OKLAHOMA CITY – Spending over $400,000 on television advertising here in Oklahoma, the campaign for Democratic presidential candidate Bernie Sanders is setting its sights on a potential win in this state on March 1st – Super Tuesday, hoping to upset Hillary Clinton’s momentum after her win in Nevada caucuses last weekend.

At the BernieSanders.com site, the “A Future to Believe In” rally will bring Sanders to Tulsa today to the Cox Business Center for a free event where Sanders will “discuss a wide range of issues important to Oklahomans, including making college affordable, getting big money out of politics, and combating climate change.”

A pushcard for Sanders appearing in Oklahoma City mailboxes this week, from OK for Bernie and Bernie 2016, encourages voters to vote in the Democratic primary on March 1st and that independents are now allowed to vote in the Democratic primary as well. After talking with many libertarians and conservatives, it seems as though Sanders' straight-talk on attacking corruption in government and the private sector is resonating strongly. This explains the rise of the "outsider" phenomenon taking Sanders and Donald Trump to great political heights this election cycle.

The pushcard reads: “Bernie Sanders will be a president for all of us, not just the billionaires.”

It notes that he will:

Fix a Rigged Economy Reform Our Corrupted Democracy Give the Middle Class a Fair Shot

The flipside of the pushcard notes that while most people “got crushed during the financial crisis,” the “1 percent are now richer than ever.”

Covering the Sanders campaign in Iowa in advance of the Iowa caucuses earlier this month, Red Dirt Report noted that the Scandinavian-styled Democratic socialism touted by Sanders is very American, as noted by longtime Iowa politico and precinct captain James James spoeaking to RDR reporter Tim Farley during our time in Des Moines at a Sanders rally.

“He’s a Kennedy Democrat and he’s the last hope we have to get our country back,” James said. “He’s not a radical individual. He’s what the Democrats were when I was in high school back in the ‘60s.”

James bristled at the notion that Sanders’ critics are using the term “Democratic socialist” as something that’s bad or evil.

“Roosevelt was a Democratic socialist and Kennedy was a Democratic socialist and needless to say they did something right,” he said. “Democratic socialism has worked since World War II.”

Strong language. And yet four and eight years ago you would not have heard that sort of language spoken about as openly. It shows just how far to the right the United States has gone in 50 years time.

A little over two years ago, Red Dirt Report featured an article title “America’s social-democratic future to become a reality, argues professor.” The article highlighted an article in Foreign Affairs magazine titled “America’s Social Democratic Future” by University of Arizona Prof. Lane Kenworthy. We later reviewed Kenworthy’s book, Social Democratic America, here.

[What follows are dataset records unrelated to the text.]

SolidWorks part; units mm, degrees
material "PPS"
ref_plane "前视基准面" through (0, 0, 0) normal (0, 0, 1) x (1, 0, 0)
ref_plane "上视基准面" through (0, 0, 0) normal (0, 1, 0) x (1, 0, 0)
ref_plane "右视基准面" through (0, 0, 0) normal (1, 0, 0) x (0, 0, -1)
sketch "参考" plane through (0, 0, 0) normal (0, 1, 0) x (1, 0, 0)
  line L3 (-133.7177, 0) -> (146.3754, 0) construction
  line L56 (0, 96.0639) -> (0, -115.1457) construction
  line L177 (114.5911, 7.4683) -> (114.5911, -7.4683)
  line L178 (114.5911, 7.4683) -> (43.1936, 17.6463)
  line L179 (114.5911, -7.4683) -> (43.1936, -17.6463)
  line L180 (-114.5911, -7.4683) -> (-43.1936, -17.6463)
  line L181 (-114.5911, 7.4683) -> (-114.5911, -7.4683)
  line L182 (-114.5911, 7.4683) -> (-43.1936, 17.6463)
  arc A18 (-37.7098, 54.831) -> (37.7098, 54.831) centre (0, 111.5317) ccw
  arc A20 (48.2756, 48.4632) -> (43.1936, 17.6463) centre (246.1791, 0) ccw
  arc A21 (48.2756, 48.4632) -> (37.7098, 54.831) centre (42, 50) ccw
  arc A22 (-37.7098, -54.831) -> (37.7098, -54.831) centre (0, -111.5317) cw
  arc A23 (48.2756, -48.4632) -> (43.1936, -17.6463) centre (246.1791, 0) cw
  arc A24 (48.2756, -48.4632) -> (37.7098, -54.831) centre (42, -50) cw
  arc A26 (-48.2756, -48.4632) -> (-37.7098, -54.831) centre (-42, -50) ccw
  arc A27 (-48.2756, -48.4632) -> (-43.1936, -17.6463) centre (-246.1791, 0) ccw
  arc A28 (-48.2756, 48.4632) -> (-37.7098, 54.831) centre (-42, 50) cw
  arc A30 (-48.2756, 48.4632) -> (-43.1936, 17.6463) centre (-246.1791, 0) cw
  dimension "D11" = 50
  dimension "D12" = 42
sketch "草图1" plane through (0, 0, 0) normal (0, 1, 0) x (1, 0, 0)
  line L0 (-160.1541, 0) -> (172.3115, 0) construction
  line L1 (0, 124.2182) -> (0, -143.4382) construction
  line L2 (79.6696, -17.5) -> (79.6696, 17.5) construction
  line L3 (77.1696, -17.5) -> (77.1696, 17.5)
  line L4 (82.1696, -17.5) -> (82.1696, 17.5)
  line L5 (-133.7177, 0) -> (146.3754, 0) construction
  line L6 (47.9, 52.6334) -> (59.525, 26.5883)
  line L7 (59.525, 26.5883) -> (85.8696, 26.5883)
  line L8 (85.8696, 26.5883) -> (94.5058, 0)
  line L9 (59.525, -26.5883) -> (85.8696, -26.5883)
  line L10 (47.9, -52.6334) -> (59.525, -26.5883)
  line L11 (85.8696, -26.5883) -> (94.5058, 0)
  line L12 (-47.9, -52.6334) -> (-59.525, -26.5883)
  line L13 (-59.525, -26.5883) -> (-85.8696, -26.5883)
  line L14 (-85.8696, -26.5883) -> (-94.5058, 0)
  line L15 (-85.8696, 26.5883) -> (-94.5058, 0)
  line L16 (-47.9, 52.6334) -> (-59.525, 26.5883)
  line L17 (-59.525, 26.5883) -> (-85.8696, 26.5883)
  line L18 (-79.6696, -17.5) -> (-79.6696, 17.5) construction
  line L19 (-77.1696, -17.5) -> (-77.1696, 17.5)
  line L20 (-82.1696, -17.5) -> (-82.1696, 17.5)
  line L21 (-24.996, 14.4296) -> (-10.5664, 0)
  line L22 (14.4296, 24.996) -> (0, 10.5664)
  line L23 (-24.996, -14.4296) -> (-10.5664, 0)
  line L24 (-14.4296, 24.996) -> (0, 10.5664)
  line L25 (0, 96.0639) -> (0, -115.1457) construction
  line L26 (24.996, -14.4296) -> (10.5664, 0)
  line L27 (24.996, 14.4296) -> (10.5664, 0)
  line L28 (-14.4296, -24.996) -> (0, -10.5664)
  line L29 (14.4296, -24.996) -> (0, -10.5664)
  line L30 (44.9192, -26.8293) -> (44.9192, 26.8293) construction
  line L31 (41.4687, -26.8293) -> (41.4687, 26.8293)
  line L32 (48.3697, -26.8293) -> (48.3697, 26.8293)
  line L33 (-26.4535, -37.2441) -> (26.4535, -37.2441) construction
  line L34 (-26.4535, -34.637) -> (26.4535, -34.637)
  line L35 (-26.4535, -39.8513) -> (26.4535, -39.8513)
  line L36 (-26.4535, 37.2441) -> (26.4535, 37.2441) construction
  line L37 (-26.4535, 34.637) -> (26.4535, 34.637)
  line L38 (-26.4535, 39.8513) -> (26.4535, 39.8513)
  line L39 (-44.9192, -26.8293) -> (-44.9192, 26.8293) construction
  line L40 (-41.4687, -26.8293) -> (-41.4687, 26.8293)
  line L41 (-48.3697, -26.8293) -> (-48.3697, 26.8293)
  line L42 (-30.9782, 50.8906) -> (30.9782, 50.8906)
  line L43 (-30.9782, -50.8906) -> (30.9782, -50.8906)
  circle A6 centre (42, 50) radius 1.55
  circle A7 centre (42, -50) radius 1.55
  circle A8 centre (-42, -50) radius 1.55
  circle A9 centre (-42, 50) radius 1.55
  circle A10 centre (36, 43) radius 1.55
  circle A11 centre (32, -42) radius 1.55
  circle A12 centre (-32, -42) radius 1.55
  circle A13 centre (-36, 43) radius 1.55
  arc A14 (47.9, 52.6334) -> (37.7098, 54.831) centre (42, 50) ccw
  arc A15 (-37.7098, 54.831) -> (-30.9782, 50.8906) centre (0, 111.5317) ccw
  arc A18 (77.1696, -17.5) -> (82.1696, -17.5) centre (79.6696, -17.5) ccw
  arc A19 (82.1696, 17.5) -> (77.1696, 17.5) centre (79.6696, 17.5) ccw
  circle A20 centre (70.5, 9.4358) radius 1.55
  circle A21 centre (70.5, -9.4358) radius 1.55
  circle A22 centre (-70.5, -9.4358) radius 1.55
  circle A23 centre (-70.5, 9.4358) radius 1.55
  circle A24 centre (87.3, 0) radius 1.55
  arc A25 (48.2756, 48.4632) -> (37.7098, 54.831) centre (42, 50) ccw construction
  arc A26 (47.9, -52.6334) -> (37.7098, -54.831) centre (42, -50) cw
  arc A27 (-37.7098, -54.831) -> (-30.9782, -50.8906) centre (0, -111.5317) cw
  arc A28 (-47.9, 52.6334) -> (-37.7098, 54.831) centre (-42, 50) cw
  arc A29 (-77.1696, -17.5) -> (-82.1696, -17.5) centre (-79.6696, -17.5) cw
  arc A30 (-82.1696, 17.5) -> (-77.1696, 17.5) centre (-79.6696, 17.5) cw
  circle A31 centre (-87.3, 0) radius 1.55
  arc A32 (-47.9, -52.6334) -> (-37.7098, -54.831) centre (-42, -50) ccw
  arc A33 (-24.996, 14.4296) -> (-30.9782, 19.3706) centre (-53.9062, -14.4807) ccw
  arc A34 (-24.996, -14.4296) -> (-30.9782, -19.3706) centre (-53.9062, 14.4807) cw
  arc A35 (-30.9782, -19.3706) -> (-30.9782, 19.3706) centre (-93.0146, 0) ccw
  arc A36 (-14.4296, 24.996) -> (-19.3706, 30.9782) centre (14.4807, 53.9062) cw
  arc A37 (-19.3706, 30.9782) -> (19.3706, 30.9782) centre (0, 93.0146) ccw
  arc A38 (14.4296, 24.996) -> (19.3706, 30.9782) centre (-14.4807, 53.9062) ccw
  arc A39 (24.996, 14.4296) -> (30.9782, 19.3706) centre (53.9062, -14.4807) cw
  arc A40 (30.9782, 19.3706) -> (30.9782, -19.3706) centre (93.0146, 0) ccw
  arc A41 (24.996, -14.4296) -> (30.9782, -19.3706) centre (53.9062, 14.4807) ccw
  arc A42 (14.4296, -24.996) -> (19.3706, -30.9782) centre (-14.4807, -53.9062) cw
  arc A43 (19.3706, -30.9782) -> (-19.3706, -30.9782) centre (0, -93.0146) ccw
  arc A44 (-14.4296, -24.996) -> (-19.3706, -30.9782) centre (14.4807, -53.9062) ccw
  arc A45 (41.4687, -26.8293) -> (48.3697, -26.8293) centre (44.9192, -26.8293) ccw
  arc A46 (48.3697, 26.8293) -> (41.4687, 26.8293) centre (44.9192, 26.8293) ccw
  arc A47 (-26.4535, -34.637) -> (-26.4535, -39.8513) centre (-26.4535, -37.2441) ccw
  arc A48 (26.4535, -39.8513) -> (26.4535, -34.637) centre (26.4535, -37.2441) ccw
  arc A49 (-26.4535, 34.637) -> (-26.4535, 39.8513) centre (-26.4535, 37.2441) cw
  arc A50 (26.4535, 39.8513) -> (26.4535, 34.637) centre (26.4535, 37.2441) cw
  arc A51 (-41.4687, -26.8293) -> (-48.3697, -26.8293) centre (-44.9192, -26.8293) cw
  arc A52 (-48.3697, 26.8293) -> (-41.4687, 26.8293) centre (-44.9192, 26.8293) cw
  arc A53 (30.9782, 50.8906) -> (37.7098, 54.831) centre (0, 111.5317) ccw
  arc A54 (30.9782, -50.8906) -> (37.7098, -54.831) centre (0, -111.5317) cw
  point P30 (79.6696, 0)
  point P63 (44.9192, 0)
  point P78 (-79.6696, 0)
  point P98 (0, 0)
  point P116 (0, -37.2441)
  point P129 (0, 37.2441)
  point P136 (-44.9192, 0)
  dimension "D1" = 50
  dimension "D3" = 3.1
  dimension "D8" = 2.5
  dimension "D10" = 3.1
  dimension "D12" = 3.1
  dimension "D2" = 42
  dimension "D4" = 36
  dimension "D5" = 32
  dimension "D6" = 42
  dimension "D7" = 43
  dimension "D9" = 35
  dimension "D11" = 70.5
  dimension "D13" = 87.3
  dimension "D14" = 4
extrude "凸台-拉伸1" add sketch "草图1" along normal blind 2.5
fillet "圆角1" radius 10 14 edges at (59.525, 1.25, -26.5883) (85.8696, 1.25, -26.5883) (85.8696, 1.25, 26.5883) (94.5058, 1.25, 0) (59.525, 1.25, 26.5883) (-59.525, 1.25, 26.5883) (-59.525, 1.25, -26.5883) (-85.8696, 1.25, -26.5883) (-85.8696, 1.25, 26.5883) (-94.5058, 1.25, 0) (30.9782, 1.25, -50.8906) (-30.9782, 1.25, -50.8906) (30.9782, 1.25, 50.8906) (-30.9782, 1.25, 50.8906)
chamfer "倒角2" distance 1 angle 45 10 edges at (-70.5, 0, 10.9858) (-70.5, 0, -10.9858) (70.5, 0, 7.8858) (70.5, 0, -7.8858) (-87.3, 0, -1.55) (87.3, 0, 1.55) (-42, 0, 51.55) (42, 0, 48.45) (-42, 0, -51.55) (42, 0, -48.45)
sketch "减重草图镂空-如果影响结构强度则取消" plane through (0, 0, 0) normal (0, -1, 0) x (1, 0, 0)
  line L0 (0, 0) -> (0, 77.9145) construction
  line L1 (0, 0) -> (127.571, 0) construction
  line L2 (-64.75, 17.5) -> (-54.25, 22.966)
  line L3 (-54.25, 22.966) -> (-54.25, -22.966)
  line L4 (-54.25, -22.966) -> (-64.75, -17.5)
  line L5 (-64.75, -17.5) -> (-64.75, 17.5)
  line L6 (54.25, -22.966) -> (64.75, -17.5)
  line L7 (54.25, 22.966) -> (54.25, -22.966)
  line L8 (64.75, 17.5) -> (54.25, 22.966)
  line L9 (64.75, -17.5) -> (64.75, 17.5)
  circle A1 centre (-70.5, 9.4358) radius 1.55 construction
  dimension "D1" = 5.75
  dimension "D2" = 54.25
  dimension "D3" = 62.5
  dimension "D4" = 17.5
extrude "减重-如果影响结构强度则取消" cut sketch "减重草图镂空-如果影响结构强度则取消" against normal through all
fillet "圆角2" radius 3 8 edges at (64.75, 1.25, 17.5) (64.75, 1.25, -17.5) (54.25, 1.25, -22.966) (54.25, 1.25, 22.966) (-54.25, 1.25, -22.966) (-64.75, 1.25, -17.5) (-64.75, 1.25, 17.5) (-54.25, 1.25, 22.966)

As Kenworthy wrote in Foreign Affairs at the time: “Thanks to a combination of popular demand, technocratic supply, and gradually increasing national wealth, social democracy is the future of the United States,” Kenworthy writes.

The “powerful forces” (i.e. Wall Street, Big Corporations, the Koch Brothers, ALEC, "the banks made of marble" and more) in America, Kenworthy argues, “are fighting a losing battle and can only slow down and distort the final outcome rather than stop it.”

Kenworthy concludes his article by noting that we are better off as a country than we were a century ago, but that there is still work to be done.

Once we reach a social-democratic future,” he wrote, “the country will be better for it.”